Legislation to force us to be healthier?

Now the blood was beginning to simmer a bit at this stage but I persisted in my quest for the original article.

I found it.

Are most of us living lives of quiet desperation?

On the very first paragraph, my blood finally reached boiling point.

Irish people are not making the lifestyle changes needed to promote and improve their health. Despite repeated information campaigns on quitting smoking, drinking less alcohol, eating healthily, and being more active, no one appears to be listening to, or acting on, the advice from health experts.

No one appears to be listening to, or acting on, the advice from health experts?  So fucking what?  The implication here is that the “experts” know far more than us and we should really kowtow to their every dictat.  We are naughty schoolchildren and we must obey our elders and betters.  There is only one expert in this field that I will pay any attention to, and that is Doc, who knows me personally.  All the others can go fuck themselves as in general they are professional naggers with their own little agendas, none of which concerns me personally.

Only 13 per cent of respondents reported positive mental health meaning they “felt full of life”, “calm and peaceful,” “had lots of energy” and “been a happy person” in the four weeks before the survey took place.

Now I would see this as a core point in the whole debate.  Positive mental health is far more important than positive physical health.  Which would you rather be: unhealthy but happy, or healthy and miserable?  But our author then proceeds to argue that poor mental health is somehow related to poor physical health, thereby proposing a ridiculous hypothesis that improving physical health makes us happy.  This is utter bilge.  Has the author considered the simple idea that constant nagging, “denormalising” and penalising is making a large sector of the community unhappy?

The most interesting finding was that so few people changed their health behaviour since the 2015 survey. Almost half of smokers would like to stop and 40 per cent of respondents would like to be more physically active. Many would like to lose weight and eat healthily but cannot afford it.

That isn’t interesting at all.  The author is confusing vague aspiration with intent which is the norm within the walls of the Nanny State.  However these figures are regularly trotted out as an excuse to “help” all those people achieve a vague aspiration.  I would maybe like to do something is worlds away from I really must do something.

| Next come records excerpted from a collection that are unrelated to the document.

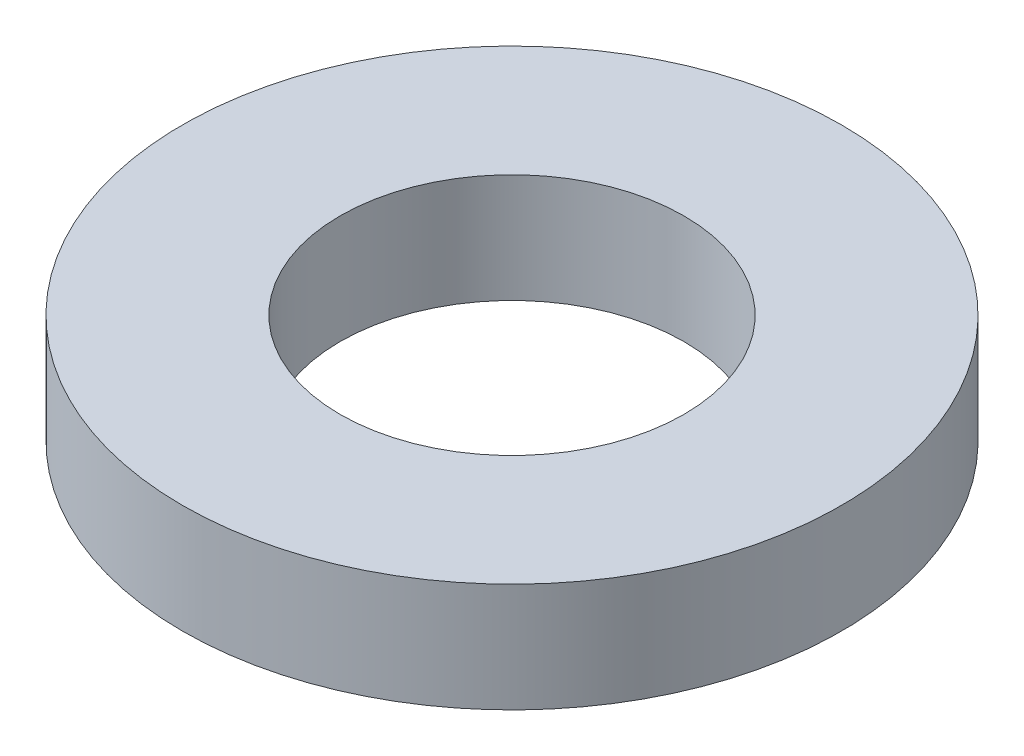
ISO-10303-21;
HEADER;
FILE_DESCRIPTION(('STEP AP214'),'2;1');
FILE_NAME('part.step','',(''),(''),'','','');
FILE_SCHEMA(('AUTOMOTIVE_DESIGN { 1 0 10303 214 1 1 1 1 }'));
ENDSEC;
DATA;
#1=APPLICATION_CONTEXT('core data for automotive mechanical design processes');
#2=APPLICATION_PROTOCOL_DEFINITION('international standard','automotive_design',2000,#1);
#3=PRODUCT_CONTEXT('',#1,'mechanical');
#4=PRODUCT('Part','Part','',(#3));
#5=PRODUCT_RELATED_PRODUCT_CATEGORY('part','',(#4));
#6=PRODUCT_DEFINITION_FORMATION('','',#4);
#7=PRODUCT_DEFINITION_CONTEXT('part definition',#1,'design');
#8=PRODUCT_DEFINITION('design','',#6,#7);
#9=PRODUCT_DEFINITION_SHAPE('','',#8);
#10=(LENGTH_UNIT() NAMED_UNIT(*) SI_UNIT(.MILLI.,.METRE.));
#11=(NAMED_UNIT(*) PLANE_ANGLE_UNIT() SI_UNIT($,.RADIAN.));
#12=(NAMED_UNIT(*) SI_UNIT($,.STERADIAN.) SOLID_ANGLE_UNIT());
#13=UNCERTAINTY_MEASURE_WITH_UNIT(LENGTH_MEASURE(1.E-05),#10,'distance_accuracy_value','');
#14=(GEOMETRIC_REPRESENTATION_CONTEXT(3) GLOBAL_UNCERTAINTY_ASSIGNED_CONTEXT((#13)) GLOBAL_UNIT_ASSIGNED_CONTEXT((#10,
#11,#12)) REPRESENTATION_CONTEXT('',''));
#15=CARTESIAN_POINT('',(0.,0.,0.));
#16=DIRECTION('',(0.,0.,1.));
#17=DIRECTION('',(1.,0.,0.));
#18=AXIS2_PLACEMENT_3D('',#15,#16,#17);
#19=CARTESIAN_POINT('',(0.,19.,0.));
#20=DIRECTION('',(0.,-1.,0.));
#21=DIRECTION('',(0.,0.,-1.));
#22=AXIS2_PLACEMENT_3D('',#19,#20,#21);
#23=CYLINDRICAL_SURFACE('',#22,57.5);
#24=CARTESIAN_POINT('',(0.,19.,0.));
#25=DIRECTION('',(0.,1.,0.));
#26=DIRECTION('',(0.,0.,1.));
#27=AXIS2_PLACEMENT_3D('',#24,#25,#26);
#28=CIRCLE('',#27,57.5);
#29=CARTESIAN_POINT('',(0.,19.,57.5));
#30=VERTEX_POINT('',#29);
#31=EDGE_CURVE('E10',#30,#30,#28,.T.);
#32=ORIENTED_EDGE('',*,*,#31,.F.);
#33=EDGE_LOOP('',(#32));
#34=FACE_BOUND('',#33,.T.);
#35=CARTESIAN_POINT('',(0.,0.,0.));
#36=DIRECTION('',(0.,1.,0.));
#37=DIRECTION('',(0.,0.,1.));
#38=AXIS2_PLACEMENT_3D('',#35,#36,#37);
#39=CIRCLE('',#38,57.5);
#40=CARTESIAN_POINT('',(0.,0.,57.5));
#41=VERTEX_POINT('',#40);
#42=EDGE_CURVE('E37',#41,#41,#39,.T.);
#43=ORIENTED_EDGE('',*,*,#42,.T.);
#44=EDGE_LOOP('',(#43));
#45=FACE_BOUND('',#44,.T.);
#46=ADVANCED_FACE('F40',(#34,#45),#23,.T.);
#47=CARTESIAN_POINT('',(0.,19.,0.));
#48=DIRECTION('',(0.,1.,0.));
#49=DIRECTION('',(0.,0.,1.));
#50=AXIS2_PLACEMENT_3D('',#47,#48,#49);
#51=PLANE('',#50);
#52=CARTESIAN_POINT('',(0.,19.,0.));
#53=DIRECTION('',(0.,1.,0.));
#54=DIRECTION('',(0.,0.,1.));
#55=AXIS2_PLACEMENT_3D('',#52,#53,#54);
#56=CIRCLE('',#55,30.);
#57=CARTESIAN_POINT('',(0.,19.,30.));
#58=VERTEX_POINT('',#57);
#59=EDGE_CURVE('E50',#58,#58,#56,.T.);
#60=ORIENTED_EDGE('',*,*,#59,.F.);
#61=EDGE_LOOP('',(#60));
#62=FACE_BOUND('',#61,.T.);
#63=ORIENTED_EDGE('',*,*,#31,.T.);
#64=EDGE_LOOP('',(#63));
#65=FACE_BOUND('',#64,.T.);
#66=ADVANCED_FACE('F59',(#62,#65),#51,.T.);
#67=CARTESIAN_POINT('',(0.,0.,0.));
#68=DIRECTION('',(0.,1.,0.));
#69=DIRECTION('',(0.,0.,1.));
#70=AXIS2_PLACEMENT_3D('',#67,#68,#69);
#71=PLANE('',#70);
#72=CARTESIAN_POINT('',(0.,0.,0.));
#73=DIRECTION('',(0.,1.,0.));
#74=DIRECTION('',(0.,0.,1.));
#75=AXIS2_PLACEMENT_3D('',#72,#73,#74);
#76=CIRCLE('',#75,30.);
#77=CARTESIAN_POINT('',(0.,0.,30.));
#78=VERTEX_POINT('',#77);
#79=EDGE_CURVE('E47',#78,#78,#76,.T.);
#80=ORIENTED_EDGE('',*,*,#79,.T.);
#81=EDGE_LOOP('',(#80));
#82=FACE_BOUND('',#81,.T.);
#83=ORIENTED_EDGE('',*,*,#42,.F.);
#84=EDGE_LOOP('',(#83));
#85=FACE_BOUND('',#84,.T.);
#86=ADVANCED_FACE('F58',(#82,#85),#71,.F.);
#87=CARTESIAN_POINT('',(0.,19.,0.));
#88=DIRECTION('',(0.,-1.,0.));
#89=DIRECTION('',(0.,0.,-1.));
#90=AXIS2_PLACEMENT_3D('',#87,#88,#89);
#91=CYLINDRICAL_SURFACE('',#90,30.);
#92=ORIENTED_EDGE('',*,*,#59,.T.);
#93=EDGE_LOOP('',(#92));
#94=FACE_BOUND('',#93,.T.);
#95=ORIENTED_EDGE('',*,*,#79,.F.);
#96=EDGE_LOOP('',(#95));
#97=FACE_BOUND('',#96,.T.);
#98=ADVANCED_FACE('F54',(#94,#97),#91,.F.);
#99=CLOSED_SHELL('',(#46,#66,#86,#98));
#100=MANIFOLD_SOLID_BREP('B2',#99);
#101=ADVANCED_BREP_SHAPE_REPRESENTATION('',(#18,#100),#14);
#102=SHAPE_DEFINITION_REPRESENTATION(#9,#101);
ENDSEC;
END-ISO-10303-21;

Unfortunately, information campaigns and television programmes have little influence on health behaviour. Campaigns can increase knowledge but actions rarely follow. Health information relayed by experts competes against a barrage of “real life” experiences that promote a different message. Scare tactics do not work either.

And they are surprised?  Has it never occurred to them that we are individuals and adults and can make up our own minds?  Scare tactics don’t work because we have long since seen through their Boogie Men for the advertising slogans that they really are.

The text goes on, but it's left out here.